=== Begin Enclosure ===

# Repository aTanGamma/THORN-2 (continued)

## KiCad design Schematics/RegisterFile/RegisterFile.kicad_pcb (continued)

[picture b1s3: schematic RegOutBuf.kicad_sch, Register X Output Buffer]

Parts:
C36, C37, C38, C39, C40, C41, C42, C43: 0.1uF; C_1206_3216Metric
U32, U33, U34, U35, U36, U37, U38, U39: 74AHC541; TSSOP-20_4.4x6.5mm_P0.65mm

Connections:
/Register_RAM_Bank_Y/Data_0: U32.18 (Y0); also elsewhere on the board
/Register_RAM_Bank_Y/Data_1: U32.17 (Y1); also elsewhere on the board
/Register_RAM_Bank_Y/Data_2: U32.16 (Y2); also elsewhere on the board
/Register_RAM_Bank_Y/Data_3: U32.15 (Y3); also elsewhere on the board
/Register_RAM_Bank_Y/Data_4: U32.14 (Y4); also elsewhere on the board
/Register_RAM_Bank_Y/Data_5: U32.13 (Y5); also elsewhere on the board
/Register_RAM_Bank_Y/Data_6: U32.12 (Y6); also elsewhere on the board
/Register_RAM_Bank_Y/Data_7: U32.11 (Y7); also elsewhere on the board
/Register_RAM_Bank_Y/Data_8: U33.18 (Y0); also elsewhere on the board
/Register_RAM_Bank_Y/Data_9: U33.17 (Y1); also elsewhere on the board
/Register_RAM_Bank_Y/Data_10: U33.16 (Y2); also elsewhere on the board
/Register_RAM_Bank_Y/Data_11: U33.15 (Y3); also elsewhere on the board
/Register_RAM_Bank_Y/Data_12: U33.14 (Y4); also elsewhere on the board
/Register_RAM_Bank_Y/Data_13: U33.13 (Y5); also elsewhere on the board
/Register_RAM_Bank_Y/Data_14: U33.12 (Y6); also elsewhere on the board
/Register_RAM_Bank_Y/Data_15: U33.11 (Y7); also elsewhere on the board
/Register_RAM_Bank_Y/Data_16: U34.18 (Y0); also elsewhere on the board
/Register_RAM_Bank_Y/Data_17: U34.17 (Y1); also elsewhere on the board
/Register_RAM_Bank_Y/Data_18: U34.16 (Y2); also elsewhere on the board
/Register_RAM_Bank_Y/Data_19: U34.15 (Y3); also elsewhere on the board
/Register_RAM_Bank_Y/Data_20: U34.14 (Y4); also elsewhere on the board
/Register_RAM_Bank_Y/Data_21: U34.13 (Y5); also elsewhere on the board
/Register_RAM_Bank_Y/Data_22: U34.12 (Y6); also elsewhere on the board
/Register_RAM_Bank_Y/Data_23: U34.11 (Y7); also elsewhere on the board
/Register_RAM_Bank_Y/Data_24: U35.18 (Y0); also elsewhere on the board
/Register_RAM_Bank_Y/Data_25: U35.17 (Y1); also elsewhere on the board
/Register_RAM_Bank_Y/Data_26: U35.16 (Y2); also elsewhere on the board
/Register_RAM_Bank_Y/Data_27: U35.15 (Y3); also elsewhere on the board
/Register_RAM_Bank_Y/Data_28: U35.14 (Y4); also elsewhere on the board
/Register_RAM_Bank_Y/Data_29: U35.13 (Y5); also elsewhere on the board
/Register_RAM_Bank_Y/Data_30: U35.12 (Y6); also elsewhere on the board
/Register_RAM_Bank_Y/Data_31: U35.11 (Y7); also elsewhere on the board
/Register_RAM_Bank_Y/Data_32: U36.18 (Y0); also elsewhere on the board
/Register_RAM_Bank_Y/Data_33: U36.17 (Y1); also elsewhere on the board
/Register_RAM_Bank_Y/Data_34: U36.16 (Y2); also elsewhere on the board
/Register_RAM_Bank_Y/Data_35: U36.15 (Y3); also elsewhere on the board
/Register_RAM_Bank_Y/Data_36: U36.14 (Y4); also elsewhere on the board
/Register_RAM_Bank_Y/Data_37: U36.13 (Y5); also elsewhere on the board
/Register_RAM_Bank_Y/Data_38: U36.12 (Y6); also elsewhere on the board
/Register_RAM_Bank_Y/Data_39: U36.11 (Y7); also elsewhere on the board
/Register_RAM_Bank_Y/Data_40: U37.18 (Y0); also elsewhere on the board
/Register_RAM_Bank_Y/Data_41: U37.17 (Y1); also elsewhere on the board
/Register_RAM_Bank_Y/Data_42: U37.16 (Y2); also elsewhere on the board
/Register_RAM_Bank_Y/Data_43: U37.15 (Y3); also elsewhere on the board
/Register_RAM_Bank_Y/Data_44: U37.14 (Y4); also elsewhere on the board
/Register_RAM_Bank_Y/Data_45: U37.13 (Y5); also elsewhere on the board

=== End Enclosure ===

▸ WHAT TO DO:
In the listing above, find the line holding "U34.12 (Y6); also elsewhere on the board" and the line holding "U37.14 (Y4); also elsewhere on the board", then output those two lines and every line between them exactly.

▸ SOLUTION TO THIS TASK:
/Register_RAM_Bank_Y/Data_22: U34.12 (Y6); also elsewhere on the board
/Register_RAM_Bank_Y/Data_23: U34.11 (Y7); also elsewhere on the board
/Register_RAM_Bank_Y/Data_24: U35.18 (Y0); also elsewhere on the board
/Register_RAM_Bank_Y/Data_25: U35.17 (Y1); also elsewhere on the board
/Register_RAM_Bank_Y/Data_26: U35.16 (Y2); also elsewhere on the board
/Register_RAM_Bank_Y/Data_27: U35.15 (Y3); also elsewhere on the board
/Register_RAM_Bank_Y/Data_28: U35.14 (Y4); also elsewhere on the board
/Register_RAM_Bank_Y/Data_29: U35.13 (Y5); also elsewhere on the board
/Register_RAM_Bank_Y/Data_30: U35.12 (Y6); also elsewhere on the board
/Register_RAM_Bank_Y/Data_31: U35.11 (Y7); also elsewhere on the board
/Register_RAM_Bank_Y/Data_32: U36.18 (Y0); also elsewhere on the board
/Register_RAM_Bank_Y/Data_33: U36.17 (Y1); also elsewhere on the board
/Register_RAM_Bank_Y/Data_34: U36.16 (Y2); also elsewhere on the board
/Register_RAM_Bank_Y/Data_35: U36.15 (Y3); also elsewhere on the board
/Register_RAM_Bank_Y/Data_36: U36.14 (Y4); also elsewhere on the board
/Register_RAM_Bank_Y/Data_37: U36.13 (Y5); also elsewhere on the board
/Register_RAM_Bank_Y/Data_38: U36.12 (Y6); also elsewhere on the board
/Register_RAM_Bank_Y/Data_39: U36.11 (Y7); also elsewhere on the board
/Register_RAM_Bank_Y/Data_40: U37.18 (Y0); also elsewhere on the board
/Register_RAM_Bank_Y/Data_41: U37.17 (Y1); also elsewhere on the board
/Register_RAM_Bank_Y/Data_42: U37.16 (Y2); also elsewhere on the board
/Register_RAM_Bank_Y/Data_43: U37.15 (Y3); also elsewhere on the board
/Register_RAM_Bank_Y/Data_44: U37.14 (Y4); also elsewhere on the board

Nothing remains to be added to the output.